* _Problem requirements_:
Since the pictures are not wanted, reproduce only the rest of the records, exactly as given.

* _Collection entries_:

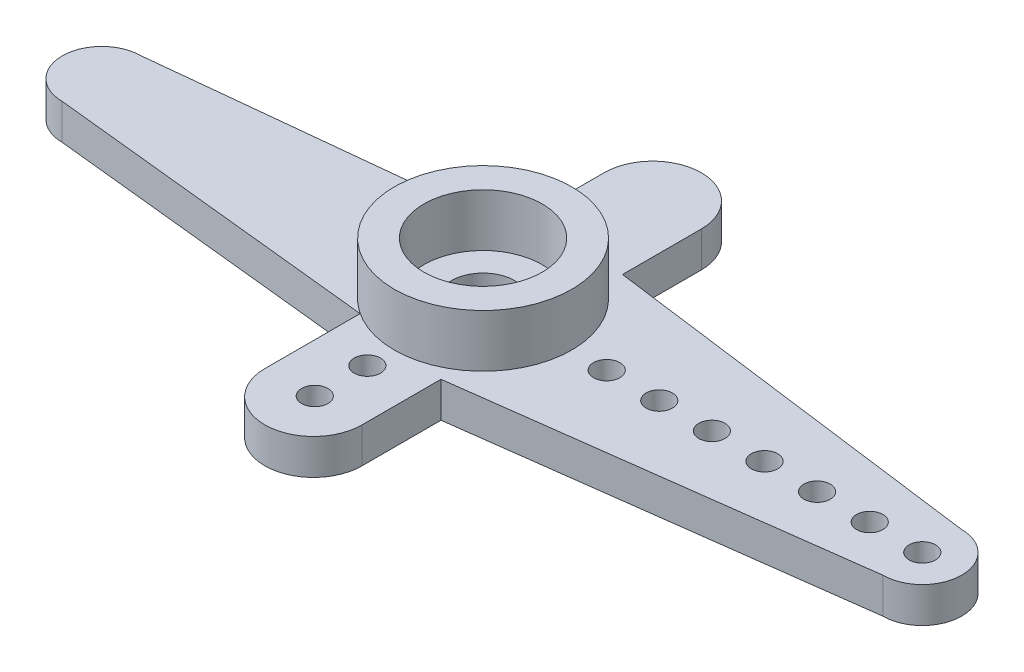
from build123d import *

# Parameters (mm, degrees)
SCHIZZO1_R                   = 3.375
ESTRUSIONE_ESTRUSIONE1_DEPTH = 1.35
SCHIZZO2_R                   = 3.375
ESTRUSIONE_ESTRUSIONE2_DEPTH = 2
SCHIZZO3_R                   = 2.25
TAGLIO_ESTRUSIONE1_DEPTH     = 2
SCHIZZO4_R                   = 1.2
TAGLIO_ESTRUSIONE2_DEPTH     = 21.102984853
SCHIZZO5_R                   = 0.5
TAGLIO_ESTRUSIONE3_DEPTH     = 21.281826841


with BuildPart() as part:
    # Schizzo1 → Estrusione-Estrusione1 (new body)
    with BuildSketch(Plane(origin=(0, 0, 0), x_dir=(1, 0, 0), z_dir=(0, 1, 0))):
        Circle(SCHIZZO1_R)
        with BuildLine():
            Line((-1.846618531, 2.825), (-14.5, 1.5))
            ThreePointArc((-14.5, 1.5), (-16, 0), (-14.5, -1.5))
            Line((-14.5, -1.5), (-1.846618531, -2.825))
            Line((-1.846618531, -2.825), (-1.846618531, 2.825))
        make_face()
        with BuildLine():
            Line((1.85, 3.45), (1.85, -3.45))
            Line((1.85, -3.45), (16.7, -1.5))
            ThreePointArc((16.7, -1.5), (18.2, 0), (16.7, 1.5))
            Line((16.7, 1.5), (1.85, 3.45))
        make_face()
        with BuildLine():
            Line((-1.85, -6.45), (-1.85, 6.45))
            ThreePointArc((-1.85, 6.45), (0, 8.3), (1.85, 6.45))
            Line((1.85, 6.45), (1.85, -6.45))
            ThreePointArc((1.85, -6.45), (0, -8.3), (-1.85, -6.45))
        make_face()
    extrude(amount=ESTRUSIONE_ESTRUSIONE1_DEPTH)

    # Schizzo2 → Estrusione-Estrusione2 (add)
    with BuildSketch(Plane(origin=(0, 1.35, 0), x_dir=(1, 0, 0), z_dir=(0, 1, 0))):
        with Locations(Location((0, 0, 0), (0, 0, 270))):
            Circle(SCHIZZO2_R)
    extrude(amount=ESTRUSIONE_ESTRUSIONE2_DEPTH)

    # Schizzo3 → Taglio-Estrusione1 (cut)
    with BuildSketch(Plane(origin=(0, 3.35, 0), x_dir=(1, 0, 0), z_dir=(0, 1, 0))):
        with Locations(Location((0, 0, 0), (0, 0, 270))):
            Circle(SCHIZZO3_R)
    extrude(amount=-TAGLIO_ESTRUSIONE1_DEPTH, mode=Mode.SUBTRACT)

    # Schizzo4 → Taglio-Estrusione2 (cut, through all)
    with BuildSketch(Plane(origin=(0, 1.35, 0), x_dir=(1, 0, 0), z_dir=(0, 1, 0))):
        with Locations(Location((0, 0, 0), (0, 0, 270))):
            Circle(SCHIZZO4_R)
    extrude(amount=-TAGLIO_ESTRUSIONE2_DEPTH, mode=Mode.SUBTRACT)

    # Schizzo5 → Taglio-Estrusione3 (cut, through all)
    with BuildSketch(Plane.XZ):
        with Locations(Location((8.7, 0, 0), (0, 0, 270))):
            Circle(SCHIZZO5_R)
        with Locations(Location((10.7, 0, 0), (0, 0, 270))):
            Circle(SCHIZZO5_R)
        with Locations(Location((12.7, 0, 0), (0, 0, 270))):
            Circle(SCHIZZO5_R)
        with Locations(Location((14.7, 0, 0), (0, 0, 270))):
            Circle(SCHIZZO5_R)
        with Locations(Location((16.7, 0, 0), (0, 0, 270))):
            Circle(SCHIZZO5_R)
        with Locations(Location((6.7, 0, 0), (0, 0, 270))):
            Circle(SCHIZZO5_R)
        with Locations(Location((4.7, 0, 0), (0, 0, 270))):
            Circle(SCHIZZO5_R)
        with Locations(Location((0, 4.4, 0), (0, 0, 270))):
            Circle(SCHIZZO5_R)
        with Locations(Location((0, 6.4, 0), (0, 0, 270))):
            Circle(SCHIZZO5_R)
    extrude(amount=-TAGLIO_ESTRUSIONE3_DEPTH, mode=Mode.SUBTRACT)


solid = part.part

* _Task output_:
from build123d import *

# Parameters (mm, degrees)
SCHIZZO1_R                   = 3.375
ESTRUSIONE_ESTRUSIONE1_DEPTH = 1.35
SCHIZZO2_R                   = 3.375
ESTRUSIONE_ESTRUSIONE2_DEPTH = 2
SCHIZZO3_R                   = 2.25
TAGLIO_ESTRUSIONE1_DEPTH     = 2
SCHIZZO4_R                   = 1.2
TAGLIO_ESTRUSIONE2_DEPTH     = 21.102984853
SCHIZZO5_R                   = 0.5
TAGLIO_ESTRUSIONE3_DEPTH     = 21.281826841


with BuildPart() as part:
    # Schizzo1 → Estrusione-Estrusione1 (new body)
    with BuildSketch(Plane(origin=(0, 0, 0), x_dir=(1, 0, 0), z_dir=(0, 1, 0))):
        Circle(SCHIZZO1_R)
        with BuildLine():
            Line((-1.846618531, 2.825), (-14.5, 1.5))
            ThreePointArc((-14.5, 1.5), (-16, 0), (-14.5, -1.5))
            Line((-14.5, -1.5), (-1.846618531, -2.825))
            Line((-1.846618531, -2.825), (-1.846618531, 2.825))
        make_face()
        with BuildLine():
            Line((1.85, 3.45), (1.85, -3.45))
            Line((1.85, -3.45), (16.7, -1.5))
            ThreePointArc((16.7, -1.5), (18.2, 0), (16.7, 1.5))
            Line((16.7, 1.5), (1.85, 3.45))
        make_face()
        with BuildLine():
            Line((-1.85, -6.45), (-1.85, 6.45))
            ThreePointArc((-1.85, 6.45), (0, 8.3), (1.85, 6.45))
            Line((1.85, 6.45), (1.85, -6.45))
            ThreePointArc((1.85, -6.45), (0, -8.3), (-1.85, -6.45))
        make_face()
    extrude(amount=ESTRUSIONE_ESTRUSIONE1_DEPTH)

    # Schizzo2 → Estrusione-Estrusione2 (add)
    with BuildSketch(Plane(origin=(0, 1.35, 0), x_dir=(1, 0, 0), z_dir=(0, 1, 0))):
        with Locations(Location((0, 0, 0), (0, 0, 270))):
            Circle(SCHIZZO2_R)
    extrude(amount=ESTRUSIONE_ESTRUSIONE2_DEPTH)

    # Schizzo3 → Taglio-Estrusione1 (cut)
    with BuildSketch(Plane(origin=(0, 3.35, 0), x_dir=(1, 0, 0), z_dir=(0, 1, 0))):
        with Locations(Location((0, 0, 0), (0, 0, 270))):
            Circle(SCHIZZO3_R)
    extrude(amount=-TAGLIO_ESTRUSIONE1_DEPTH, mode=Mode.SUBTRACT)

    # Schizzo4 → Taglio-Estrusione2 (cut, through all)
    with BuildSketch(Plane(origin=(0, 1.35, 0), x_dir=(1, 0, 0), z_dir=(0, 1, 0))):
        with Locations(Location((0, 0, 0), (0, 0, 270))):
            Circle(SCHIZZO4_R)
    extrude(amount=-TAGLIO_ESTRUSIONE2_DEPTH, mode=Mode.SUBTRACT)

    # Schizzo5 → Taglio-Estrusione3 (cut, through all)
    with BuildSketch(Plane.XZ):
        with Locations(Location((8.7, 0, 0), (0, 0, 270))):
            Circle(SCHIZZO5_R)
        with Locations(Location((10.7, 0, 0), (0, 0, 270))):
            Circle(SCHIZZO5_R)
        with Locations(Location((12.7, 0, 0), (0, 0, 270))):
            Circle(SCHIZZO5_R)
        with Locations(Location((14.7, 0, 0), (0, 0, 270))):
            Circle(SCHIZZO5_R)
        with Locations(Location((16.7, 0, 0), (0, 0, 270))):
            Circle(SCHIZZO5_R)
        with Locations(Location((6.7, 0, 0), (0, 0, 270))):
            Circle(SCHIZZO5_R)
        with Locations(Location((4.7, 0, 0), (0, 0, 270))):
            Circle(SCHIZZO5_R)
        with Locations(Location((0, 4.4, 0), (0, 0, 270))):
            Circle(SCHIZZO5_R)
        with Locations(Location((0, 6.4, 0), (0, 0, 270))):
            Circle(SCHIZZO5_R)
    extrude(amount=-TAGLIO_ESTRUSIONE3_DEPTH, mode=Mode.SUBTRACT)


solid = part.part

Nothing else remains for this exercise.